There's an old saying that money can't buy taste. I see nothing special or even exciting about this car, except that it could pass as the next-generation Nissan Z.

The first Aurora was meant to be a Saturn, but it was priced about $20,000 above the SL cars at the time. So it became an Oldsmobile with no "Olds" markings on it. This car seems about as out of place in a Lexus showroom as well.

As some cartoon dog might say, "Rotsa ruck!"

Price aside, it's a gorgeous machine. I had fun messing with the "Build Your LFA" section on the Lexus site. They've got a real wide range of color customization on there. I guess I can dream a little.

I see the LFA as a much needed image boost for Toyota. For decades now Toyota has been known for producing the most reliable, practical, and mind numbingly boring and uninspired cars. This car is all about turning that image around. And they will no doubt be able to benefit from whatever R&D and engineering that went into it. I think perhaps it should have debuted as a Toyota rather than a Lexus but I suppose if Lexus is the flagship brand then it's a good enough fit.

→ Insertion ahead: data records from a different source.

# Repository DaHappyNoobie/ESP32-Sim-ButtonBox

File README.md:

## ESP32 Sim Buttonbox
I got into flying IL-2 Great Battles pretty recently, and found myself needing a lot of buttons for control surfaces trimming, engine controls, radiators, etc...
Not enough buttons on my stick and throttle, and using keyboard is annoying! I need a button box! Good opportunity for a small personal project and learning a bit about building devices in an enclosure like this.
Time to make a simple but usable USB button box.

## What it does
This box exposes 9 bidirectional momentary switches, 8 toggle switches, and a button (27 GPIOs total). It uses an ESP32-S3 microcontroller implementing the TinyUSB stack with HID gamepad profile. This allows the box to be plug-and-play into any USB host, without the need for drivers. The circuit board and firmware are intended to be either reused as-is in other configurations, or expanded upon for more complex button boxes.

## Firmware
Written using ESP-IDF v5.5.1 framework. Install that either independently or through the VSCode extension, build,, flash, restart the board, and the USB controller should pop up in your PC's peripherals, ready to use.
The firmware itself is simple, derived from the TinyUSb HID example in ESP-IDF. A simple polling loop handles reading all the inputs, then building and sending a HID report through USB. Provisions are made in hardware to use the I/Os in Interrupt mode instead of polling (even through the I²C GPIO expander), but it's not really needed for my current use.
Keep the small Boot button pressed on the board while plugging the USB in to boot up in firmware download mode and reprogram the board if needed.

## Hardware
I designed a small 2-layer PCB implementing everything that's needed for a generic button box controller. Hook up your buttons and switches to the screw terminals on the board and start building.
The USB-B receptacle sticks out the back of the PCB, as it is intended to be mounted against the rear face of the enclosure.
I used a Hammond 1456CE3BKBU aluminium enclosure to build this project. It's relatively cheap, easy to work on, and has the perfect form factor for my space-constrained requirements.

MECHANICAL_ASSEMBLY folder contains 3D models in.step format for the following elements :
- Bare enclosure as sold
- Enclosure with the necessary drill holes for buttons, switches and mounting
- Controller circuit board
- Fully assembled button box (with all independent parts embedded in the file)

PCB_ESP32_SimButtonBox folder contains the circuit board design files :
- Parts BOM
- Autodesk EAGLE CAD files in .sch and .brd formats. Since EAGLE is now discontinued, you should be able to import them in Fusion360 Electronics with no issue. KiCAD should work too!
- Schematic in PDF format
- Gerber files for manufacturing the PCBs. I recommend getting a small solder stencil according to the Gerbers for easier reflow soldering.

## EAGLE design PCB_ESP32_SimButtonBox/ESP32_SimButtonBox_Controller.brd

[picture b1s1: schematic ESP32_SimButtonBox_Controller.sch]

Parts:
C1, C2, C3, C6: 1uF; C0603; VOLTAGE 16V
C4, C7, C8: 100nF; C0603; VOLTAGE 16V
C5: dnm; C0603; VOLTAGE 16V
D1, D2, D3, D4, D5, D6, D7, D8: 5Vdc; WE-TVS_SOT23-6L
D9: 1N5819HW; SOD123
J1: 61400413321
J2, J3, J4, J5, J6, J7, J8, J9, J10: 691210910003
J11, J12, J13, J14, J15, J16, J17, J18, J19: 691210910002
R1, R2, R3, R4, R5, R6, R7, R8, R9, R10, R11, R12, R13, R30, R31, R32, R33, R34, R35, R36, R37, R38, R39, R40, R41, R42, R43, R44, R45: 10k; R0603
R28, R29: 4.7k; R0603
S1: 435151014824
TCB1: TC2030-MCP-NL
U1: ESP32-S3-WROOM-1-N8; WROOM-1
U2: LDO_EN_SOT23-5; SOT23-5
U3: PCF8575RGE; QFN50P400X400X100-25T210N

Another point that you failed to mention is that, from my understanding, the LFA will be limited to a run of only 500 cars. So in the same way that there's no way a 1974 white/maple Fender Stratocaster is worth $10,000, that's what they go for because there are so few.

True, production is limited to 500 cars, and history could very well decide that the LFA is a hugely rare and desirable exotic - a bit like the Toyota 2000GT has been, though at a higher level.

But if Toyota is trying to turn around the boring image, why not built a high-level sports car in more quantity and at a price range to compete somewhere in the broad range outlined by the Corvette Z06, Nissan GT-R, Porsche 911, Ferrari 430, or Audi R8? A bit like where the Acura NSX was positioned when it launched. That's a car that fits better into the lineup, is at least somewhat attainable, and you might actually see on the road. In my mind, that actually could help change Toyota's image.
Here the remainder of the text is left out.